ハンナがにやにや笑いながらそう言うとソフィアは不満そうな表情を浮かべた。

「残念ながら違う。これから墓参りに行こうと思ってな。」

「それなら私たちが案内しますよ。」

店が分からず迷っていた為政には渡りに船、ありがたくその申し入れを受け入れた。

「そいつは助かるよ。ありがとう。」

そこで為政はソフィア・ハンナに案内されて花屋へと向かった。

 

 久しぶりに会ったためか道中いろいろと話が弾んだが二人の興味は戦いの様子であったらしい。

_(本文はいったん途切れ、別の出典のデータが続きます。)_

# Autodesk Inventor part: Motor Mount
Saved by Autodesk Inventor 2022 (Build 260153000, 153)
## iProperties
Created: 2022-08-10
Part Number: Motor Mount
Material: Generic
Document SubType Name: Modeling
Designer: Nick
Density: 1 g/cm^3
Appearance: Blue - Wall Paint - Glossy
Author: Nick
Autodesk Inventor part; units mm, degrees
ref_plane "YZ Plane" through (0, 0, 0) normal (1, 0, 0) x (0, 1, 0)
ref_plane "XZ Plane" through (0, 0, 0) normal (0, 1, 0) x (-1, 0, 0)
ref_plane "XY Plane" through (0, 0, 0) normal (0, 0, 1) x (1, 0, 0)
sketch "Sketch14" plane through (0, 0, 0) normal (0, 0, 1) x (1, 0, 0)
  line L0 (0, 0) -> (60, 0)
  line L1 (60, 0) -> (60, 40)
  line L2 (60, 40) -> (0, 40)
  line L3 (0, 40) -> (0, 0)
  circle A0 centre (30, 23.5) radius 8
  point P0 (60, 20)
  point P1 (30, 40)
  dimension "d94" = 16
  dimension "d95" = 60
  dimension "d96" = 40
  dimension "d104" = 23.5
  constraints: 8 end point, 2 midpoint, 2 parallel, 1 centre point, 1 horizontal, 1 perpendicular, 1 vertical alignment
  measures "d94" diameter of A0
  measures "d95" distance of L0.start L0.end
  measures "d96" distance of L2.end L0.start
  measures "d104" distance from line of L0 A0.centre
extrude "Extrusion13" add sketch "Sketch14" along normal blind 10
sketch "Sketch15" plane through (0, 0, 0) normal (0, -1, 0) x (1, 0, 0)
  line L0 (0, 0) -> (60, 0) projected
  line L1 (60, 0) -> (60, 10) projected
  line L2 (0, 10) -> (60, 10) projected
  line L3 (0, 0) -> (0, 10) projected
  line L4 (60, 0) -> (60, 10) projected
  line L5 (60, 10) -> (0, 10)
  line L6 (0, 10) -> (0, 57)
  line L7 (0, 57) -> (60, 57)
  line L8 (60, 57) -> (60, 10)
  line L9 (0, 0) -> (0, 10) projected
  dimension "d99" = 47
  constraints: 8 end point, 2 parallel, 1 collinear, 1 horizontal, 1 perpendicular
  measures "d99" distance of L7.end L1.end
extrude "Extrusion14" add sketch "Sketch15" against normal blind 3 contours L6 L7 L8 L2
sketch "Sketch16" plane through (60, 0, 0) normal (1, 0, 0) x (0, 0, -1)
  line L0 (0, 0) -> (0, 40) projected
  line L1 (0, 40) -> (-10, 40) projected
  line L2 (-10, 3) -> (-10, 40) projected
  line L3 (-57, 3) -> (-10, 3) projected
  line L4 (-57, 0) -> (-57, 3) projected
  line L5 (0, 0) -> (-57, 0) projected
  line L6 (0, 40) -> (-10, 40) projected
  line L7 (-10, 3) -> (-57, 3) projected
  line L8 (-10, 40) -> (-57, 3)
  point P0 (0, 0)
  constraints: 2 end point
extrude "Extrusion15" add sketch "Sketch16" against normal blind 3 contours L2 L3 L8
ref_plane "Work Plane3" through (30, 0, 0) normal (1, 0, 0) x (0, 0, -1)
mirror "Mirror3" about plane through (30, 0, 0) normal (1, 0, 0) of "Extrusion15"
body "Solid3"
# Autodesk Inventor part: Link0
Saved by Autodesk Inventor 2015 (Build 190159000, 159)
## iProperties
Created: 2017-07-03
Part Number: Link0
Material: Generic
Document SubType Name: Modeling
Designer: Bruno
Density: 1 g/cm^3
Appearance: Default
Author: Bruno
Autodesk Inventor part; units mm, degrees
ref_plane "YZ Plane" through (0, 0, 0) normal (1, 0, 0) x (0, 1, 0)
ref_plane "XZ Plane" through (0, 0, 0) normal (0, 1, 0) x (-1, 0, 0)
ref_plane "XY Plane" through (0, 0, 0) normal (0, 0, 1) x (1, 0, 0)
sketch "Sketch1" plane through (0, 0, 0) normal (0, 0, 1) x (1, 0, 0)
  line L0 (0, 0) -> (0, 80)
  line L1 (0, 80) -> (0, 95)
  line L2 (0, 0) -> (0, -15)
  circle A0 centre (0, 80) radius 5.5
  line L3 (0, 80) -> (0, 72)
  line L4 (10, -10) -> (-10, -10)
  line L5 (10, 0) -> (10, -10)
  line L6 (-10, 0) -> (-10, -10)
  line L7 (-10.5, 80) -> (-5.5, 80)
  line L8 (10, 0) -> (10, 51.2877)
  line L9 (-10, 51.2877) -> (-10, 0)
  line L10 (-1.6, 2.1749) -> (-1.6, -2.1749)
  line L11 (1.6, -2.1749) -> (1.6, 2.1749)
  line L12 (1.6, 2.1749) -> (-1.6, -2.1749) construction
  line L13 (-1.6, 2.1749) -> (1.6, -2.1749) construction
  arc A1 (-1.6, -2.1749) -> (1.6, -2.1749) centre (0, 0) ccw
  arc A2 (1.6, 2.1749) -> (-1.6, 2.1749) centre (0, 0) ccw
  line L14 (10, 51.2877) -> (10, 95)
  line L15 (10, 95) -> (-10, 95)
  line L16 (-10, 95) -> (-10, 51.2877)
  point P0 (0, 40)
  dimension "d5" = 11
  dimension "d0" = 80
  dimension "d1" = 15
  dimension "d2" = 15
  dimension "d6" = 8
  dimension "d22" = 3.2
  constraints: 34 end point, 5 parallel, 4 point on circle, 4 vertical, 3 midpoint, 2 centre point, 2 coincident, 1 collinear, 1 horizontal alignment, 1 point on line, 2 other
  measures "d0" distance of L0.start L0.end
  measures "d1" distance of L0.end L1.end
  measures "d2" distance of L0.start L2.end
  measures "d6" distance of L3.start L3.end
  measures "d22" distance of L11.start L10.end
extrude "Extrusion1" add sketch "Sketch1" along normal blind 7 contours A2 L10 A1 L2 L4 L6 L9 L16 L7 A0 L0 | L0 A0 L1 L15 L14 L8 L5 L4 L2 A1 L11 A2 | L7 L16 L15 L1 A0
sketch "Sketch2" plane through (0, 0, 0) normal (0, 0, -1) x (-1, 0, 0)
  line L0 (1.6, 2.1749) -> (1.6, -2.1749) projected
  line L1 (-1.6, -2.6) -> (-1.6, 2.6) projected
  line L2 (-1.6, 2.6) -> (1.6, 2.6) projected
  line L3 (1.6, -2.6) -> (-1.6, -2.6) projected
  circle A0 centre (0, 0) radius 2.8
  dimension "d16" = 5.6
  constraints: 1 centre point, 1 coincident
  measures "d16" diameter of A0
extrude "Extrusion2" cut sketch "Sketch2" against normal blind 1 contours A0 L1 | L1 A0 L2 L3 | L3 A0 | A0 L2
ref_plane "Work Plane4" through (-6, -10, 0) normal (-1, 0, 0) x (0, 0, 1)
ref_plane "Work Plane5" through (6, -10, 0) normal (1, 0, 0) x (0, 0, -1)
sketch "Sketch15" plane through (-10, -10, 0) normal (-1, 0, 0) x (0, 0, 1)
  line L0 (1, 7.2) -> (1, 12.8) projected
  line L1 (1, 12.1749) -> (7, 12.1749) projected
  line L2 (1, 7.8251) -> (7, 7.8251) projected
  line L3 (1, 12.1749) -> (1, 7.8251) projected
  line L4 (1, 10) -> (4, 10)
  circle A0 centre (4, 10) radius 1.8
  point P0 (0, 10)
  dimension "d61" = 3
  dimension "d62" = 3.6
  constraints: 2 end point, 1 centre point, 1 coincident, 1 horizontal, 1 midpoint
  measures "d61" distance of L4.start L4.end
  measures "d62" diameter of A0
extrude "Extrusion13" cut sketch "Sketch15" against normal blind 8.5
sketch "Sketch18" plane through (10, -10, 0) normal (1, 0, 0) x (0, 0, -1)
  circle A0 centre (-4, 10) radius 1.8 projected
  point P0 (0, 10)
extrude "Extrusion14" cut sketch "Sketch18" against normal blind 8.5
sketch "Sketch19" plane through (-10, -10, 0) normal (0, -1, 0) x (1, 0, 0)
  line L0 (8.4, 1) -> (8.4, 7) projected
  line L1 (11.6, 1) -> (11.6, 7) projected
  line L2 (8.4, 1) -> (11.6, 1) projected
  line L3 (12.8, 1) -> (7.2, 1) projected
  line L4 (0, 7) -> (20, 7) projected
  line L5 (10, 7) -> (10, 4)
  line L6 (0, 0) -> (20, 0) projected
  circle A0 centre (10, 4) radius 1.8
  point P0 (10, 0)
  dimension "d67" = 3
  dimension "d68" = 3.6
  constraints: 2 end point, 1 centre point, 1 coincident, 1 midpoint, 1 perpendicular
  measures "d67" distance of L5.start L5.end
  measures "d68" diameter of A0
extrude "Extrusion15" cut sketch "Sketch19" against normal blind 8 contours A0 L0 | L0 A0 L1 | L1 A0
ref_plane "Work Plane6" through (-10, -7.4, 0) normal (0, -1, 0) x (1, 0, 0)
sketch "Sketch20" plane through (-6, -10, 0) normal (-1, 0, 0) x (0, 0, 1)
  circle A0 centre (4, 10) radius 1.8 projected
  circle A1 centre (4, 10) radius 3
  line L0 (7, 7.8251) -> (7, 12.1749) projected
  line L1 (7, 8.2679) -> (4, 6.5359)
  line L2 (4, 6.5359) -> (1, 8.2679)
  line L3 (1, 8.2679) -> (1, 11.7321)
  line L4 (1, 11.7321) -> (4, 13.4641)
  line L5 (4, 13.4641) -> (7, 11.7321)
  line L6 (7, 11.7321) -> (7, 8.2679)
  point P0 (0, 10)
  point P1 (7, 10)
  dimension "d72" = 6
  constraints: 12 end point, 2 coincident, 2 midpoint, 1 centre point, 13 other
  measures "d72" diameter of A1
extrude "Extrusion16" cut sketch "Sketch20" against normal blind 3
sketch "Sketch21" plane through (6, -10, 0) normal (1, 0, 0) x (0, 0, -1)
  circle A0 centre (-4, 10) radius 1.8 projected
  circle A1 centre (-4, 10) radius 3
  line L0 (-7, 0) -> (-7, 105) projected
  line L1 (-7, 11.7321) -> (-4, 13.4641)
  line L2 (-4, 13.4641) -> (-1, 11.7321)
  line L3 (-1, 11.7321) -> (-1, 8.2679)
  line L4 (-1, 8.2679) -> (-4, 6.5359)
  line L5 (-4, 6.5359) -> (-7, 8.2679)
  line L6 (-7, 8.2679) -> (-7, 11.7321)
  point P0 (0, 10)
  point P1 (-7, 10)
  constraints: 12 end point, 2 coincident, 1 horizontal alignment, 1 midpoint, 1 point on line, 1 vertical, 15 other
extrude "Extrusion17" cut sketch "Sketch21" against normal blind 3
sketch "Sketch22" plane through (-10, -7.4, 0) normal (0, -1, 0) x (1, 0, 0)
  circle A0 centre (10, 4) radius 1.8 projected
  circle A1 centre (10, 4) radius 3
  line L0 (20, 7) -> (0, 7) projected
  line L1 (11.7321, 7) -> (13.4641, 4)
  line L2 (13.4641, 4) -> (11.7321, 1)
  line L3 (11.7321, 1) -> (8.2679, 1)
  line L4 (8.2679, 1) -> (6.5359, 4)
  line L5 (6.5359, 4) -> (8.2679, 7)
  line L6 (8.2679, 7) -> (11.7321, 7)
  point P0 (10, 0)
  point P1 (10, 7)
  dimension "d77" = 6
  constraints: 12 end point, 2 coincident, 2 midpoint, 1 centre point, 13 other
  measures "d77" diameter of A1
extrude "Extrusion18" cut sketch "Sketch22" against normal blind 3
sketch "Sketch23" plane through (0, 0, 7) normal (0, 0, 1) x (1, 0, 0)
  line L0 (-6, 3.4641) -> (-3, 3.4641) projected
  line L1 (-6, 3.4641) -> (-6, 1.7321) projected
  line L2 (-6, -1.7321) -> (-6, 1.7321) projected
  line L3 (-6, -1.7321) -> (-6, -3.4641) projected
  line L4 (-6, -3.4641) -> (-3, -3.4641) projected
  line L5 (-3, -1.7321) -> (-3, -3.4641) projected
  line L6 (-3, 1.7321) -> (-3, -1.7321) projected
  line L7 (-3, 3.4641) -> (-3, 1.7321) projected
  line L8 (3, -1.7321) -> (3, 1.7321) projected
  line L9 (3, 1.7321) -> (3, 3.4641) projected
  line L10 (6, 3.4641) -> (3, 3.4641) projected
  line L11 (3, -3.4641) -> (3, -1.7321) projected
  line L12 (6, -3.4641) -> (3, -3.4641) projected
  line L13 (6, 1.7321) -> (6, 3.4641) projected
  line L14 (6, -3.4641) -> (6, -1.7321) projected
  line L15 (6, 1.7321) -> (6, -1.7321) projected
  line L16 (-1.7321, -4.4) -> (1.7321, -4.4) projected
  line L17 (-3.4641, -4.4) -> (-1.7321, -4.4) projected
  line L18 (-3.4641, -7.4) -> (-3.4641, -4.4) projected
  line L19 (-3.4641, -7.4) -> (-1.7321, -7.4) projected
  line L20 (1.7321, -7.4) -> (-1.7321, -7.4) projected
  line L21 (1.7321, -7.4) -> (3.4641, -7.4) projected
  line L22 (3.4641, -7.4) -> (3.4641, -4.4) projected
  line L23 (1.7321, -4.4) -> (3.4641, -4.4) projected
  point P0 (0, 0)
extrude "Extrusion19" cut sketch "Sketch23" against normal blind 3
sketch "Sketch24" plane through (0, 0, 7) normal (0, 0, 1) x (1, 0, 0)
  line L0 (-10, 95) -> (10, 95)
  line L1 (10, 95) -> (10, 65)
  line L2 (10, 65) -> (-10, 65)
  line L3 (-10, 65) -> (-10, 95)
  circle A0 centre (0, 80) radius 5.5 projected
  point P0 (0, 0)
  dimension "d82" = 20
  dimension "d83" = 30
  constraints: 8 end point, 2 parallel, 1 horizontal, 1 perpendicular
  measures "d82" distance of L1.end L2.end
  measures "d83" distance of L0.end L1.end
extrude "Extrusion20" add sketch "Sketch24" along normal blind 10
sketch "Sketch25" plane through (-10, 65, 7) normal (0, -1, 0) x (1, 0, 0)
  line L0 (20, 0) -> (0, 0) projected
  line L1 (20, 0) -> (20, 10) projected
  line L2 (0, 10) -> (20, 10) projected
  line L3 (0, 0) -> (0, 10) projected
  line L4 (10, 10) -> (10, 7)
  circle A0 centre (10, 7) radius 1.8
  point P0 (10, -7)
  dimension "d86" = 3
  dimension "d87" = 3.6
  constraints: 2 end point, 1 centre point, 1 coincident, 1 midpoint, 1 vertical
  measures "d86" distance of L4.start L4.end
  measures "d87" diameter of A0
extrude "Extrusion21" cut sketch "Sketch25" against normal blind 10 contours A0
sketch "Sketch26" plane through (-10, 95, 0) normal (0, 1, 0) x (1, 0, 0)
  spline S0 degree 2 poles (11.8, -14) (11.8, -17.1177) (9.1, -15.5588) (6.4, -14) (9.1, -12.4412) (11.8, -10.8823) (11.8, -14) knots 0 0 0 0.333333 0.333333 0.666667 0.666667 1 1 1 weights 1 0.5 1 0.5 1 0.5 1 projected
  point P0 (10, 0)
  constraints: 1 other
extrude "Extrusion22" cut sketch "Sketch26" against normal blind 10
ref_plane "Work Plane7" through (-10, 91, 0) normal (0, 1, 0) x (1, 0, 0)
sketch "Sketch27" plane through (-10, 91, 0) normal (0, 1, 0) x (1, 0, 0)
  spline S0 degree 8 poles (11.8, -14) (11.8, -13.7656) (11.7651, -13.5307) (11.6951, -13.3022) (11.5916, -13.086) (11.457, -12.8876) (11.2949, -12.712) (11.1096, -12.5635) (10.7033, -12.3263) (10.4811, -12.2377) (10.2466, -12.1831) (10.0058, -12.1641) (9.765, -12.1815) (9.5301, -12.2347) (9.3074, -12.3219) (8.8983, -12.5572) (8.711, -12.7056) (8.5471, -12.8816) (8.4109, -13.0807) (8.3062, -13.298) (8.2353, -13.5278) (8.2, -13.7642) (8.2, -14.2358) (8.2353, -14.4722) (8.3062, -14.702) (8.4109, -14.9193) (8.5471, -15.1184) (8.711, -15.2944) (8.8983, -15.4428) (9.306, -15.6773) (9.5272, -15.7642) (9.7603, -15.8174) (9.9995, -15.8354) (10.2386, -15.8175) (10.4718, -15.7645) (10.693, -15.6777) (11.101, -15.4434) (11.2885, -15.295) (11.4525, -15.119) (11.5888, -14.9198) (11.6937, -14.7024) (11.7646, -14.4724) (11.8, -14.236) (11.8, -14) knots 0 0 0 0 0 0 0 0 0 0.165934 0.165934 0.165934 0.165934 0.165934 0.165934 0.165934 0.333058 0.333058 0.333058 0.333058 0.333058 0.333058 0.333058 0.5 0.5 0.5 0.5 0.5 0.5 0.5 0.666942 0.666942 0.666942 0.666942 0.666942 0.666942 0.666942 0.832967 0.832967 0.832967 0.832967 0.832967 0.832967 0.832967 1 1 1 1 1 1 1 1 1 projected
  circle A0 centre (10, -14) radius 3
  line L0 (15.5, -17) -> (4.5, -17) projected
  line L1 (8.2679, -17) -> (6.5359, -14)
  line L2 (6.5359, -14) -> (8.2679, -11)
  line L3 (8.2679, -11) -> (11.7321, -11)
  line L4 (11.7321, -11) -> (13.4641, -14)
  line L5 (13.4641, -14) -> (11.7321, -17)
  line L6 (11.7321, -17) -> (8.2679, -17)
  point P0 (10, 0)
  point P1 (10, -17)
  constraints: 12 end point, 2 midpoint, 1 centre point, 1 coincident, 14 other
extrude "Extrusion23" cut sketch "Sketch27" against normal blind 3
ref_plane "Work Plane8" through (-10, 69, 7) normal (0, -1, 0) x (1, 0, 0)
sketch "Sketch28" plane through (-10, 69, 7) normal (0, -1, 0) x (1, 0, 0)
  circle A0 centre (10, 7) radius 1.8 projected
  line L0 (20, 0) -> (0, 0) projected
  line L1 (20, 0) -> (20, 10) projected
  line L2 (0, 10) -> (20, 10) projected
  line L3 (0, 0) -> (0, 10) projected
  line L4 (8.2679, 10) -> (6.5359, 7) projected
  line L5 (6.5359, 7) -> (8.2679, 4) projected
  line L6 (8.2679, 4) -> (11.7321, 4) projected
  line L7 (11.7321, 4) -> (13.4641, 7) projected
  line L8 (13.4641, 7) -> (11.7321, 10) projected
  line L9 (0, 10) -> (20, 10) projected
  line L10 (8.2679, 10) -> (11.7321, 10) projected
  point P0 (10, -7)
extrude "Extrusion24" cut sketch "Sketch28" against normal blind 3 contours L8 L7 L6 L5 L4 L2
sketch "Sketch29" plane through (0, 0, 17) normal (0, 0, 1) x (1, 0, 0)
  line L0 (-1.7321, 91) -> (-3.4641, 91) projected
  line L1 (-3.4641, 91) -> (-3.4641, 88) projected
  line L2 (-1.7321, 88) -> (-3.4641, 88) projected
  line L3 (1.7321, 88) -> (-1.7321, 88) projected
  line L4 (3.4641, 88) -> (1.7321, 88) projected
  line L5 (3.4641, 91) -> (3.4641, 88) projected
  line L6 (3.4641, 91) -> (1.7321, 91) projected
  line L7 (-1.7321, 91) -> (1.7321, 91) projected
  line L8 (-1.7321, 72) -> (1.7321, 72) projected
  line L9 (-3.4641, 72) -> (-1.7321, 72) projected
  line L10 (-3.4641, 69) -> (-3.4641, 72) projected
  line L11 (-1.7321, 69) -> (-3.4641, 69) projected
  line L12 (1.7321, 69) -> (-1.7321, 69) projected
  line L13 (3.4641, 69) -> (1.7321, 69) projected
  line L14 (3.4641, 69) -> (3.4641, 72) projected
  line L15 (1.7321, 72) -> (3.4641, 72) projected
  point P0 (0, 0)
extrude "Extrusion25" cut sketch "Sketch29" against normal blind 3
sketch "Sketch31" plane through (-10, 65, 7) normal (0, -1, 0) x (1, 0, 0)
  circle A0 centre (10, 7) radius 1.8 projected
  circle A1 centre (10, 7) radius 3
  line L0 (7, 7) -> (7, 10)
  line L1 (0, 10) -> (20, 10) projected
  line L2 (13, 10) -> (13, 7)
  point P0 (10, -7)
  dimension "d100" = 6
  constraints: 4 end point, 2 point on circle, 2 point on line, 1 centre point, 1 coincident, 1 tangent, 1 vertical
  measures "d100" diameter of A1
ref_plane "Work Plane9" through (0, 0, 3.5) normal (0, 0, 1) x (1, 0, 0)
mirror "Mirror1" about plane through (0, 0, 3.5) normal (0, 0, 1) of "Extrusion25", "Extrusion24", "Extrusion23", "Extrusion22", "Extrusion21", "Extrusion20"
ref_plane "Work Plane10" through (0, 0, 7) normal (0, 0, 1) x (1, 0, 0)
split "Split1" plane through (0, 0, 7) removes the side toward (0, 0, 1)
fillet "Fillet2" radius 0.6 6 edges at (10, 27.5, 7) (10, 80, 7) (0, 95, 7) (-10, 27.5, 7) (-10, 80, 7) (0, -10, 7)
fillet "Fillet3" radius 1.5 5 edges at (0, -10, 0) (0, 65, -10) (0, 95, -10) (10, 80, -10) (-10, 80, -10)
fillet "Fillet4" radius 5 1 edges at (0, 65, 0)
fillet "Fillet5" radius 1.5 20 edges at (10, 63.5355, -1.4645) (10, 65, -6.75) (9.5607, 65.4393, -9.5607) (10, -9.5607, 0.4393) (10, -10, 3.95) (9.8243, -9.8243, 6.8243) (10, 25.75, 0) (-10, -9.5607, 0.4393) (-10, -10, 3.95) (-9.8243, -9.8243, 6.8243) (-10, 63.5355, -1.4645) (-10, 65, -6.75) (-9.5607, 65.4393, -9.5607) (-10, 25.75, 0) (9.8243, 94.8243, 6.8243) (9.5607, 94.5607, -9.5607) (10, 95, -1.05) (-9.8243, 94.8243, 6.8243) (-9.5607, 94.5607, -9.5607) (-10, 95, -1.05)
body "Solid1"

根ほり葉ほり聞いてくるので為政は二人に戦場の様子をちょっとだけ脚色して話した。

「すごく危なかったんですね。」

為政の話を聞いたソフィアは心配げに言った。

「危なくない戦場なんかあるわけないが今回は本当にやばかったよ。

死ぬんじゃないかって覚悟したぐらいだからな。」

「それでもあのヴァルファバラハリアンの八騎将の一人討ち取ったんだから凄いよね。」

ハンナは感嘆の表情を浮かべて言った。

それを聞いた為政は苦笑いしながら言った。

「そいつは俺一人の戦果じゃないさ。その前にヤング中佐(戦死後、二階級特進した)が一騎討ちで奴を

傷つけていなかったら今頃死んでいたのは俺の方さ。」

「でも敵の部隊も撃退したんでしょう?」

「たしかにな。しかしそれこそ俺一人の戦果じゃない。傭兵隊全員で力を合わせた結果さ。」

「なんだかトダさんらしいですね。」

そんなことを話している内に三人は花屋に着いた。

「ここですよ。」

そう言ってソフィアが指さした店には色とりどりの花が店先に並べられていた。

「へへぇ、実はボク、ここでアルバイトしているんだ。」

ハンナが照れくさそうにそう言った。

「仕事するのはいいことさ、がんばれよ。それにしても助かった。」

「それじゃあ私たちはこれで失礼しますね。」

「そうそう、店長に見られたらせっかくの休日が返上になちゃうからね。」

そういうと二人は街の中心部へと向かって歩いて行った。

 

 花屋で勧められた花を買った為政はシーエアー地区にある共同墓地へと向かった。

ここにはイリハ会戦で戦死した者たちが眠っている。

 

 「ここに死んだ人たちが眠っているんだね。」

いつもの陽気な声ではなく沈んだ感じの声でピコは言った。

「ああ・・・・。」

為政も沈んだ声で言った。

そこは死んでいった傭兵たちを連想すら出来なさそうな無機質で殺風景な墓であった。

墓石はベトベトと汚れ(傭兵たちが酒を墓石にまいていったのだ)虫が集っている。

「なんだか汚いね。」

「・・・、それを言うな。」

傭兵たちは雰囲気を重視したのだろうが、そのまま放置して帰ったので汚いのだ。

ほっておくわけにもいかず為政は墓石にこびり付いたベトベトの汚れを拭き取った。

「あいつらに酒は使うなって言っとかないとな。」

そう呟くと持参した花束の半分を墓に供えた。

そして死んだ部下たちの顔を思い浮かべながら冥福を祈った。

それが終わると為政はすくっと立ち上がり、ヤング中佐の墓へと足を進めた。

 

 数分後、為政はヤング中佐の墓の前に立っていた。

そこは日当たりも良く、海を見下ろせる小高い所にあり絶好のロケーションであった。

ヤング中佐は傭兵隊主任教官を務めていたが元はドルファンの騎士の一員であった。

その為、傭兵たちが葬られている場所よりも良い所にその墓はあったのである。

 

 ヤング中佐の墓前で為政は途方に暮れていた。

墓中、至る所が花だらけであり持参した花を供えるスペースが見あたらなかったのだ。

それでもなんとか強引にスペースを作ると花を供えることができた。

そこで為政は手を合わせ、生前に何かとお世話になった故人の冥福を祈った。

すると突然、為政の背後から声が掛けられた。

何事かと振り返るとそこには二十代半ば過ぎぐらいであろうか、落ち着いた雰囲気を持つ女性が立っていた。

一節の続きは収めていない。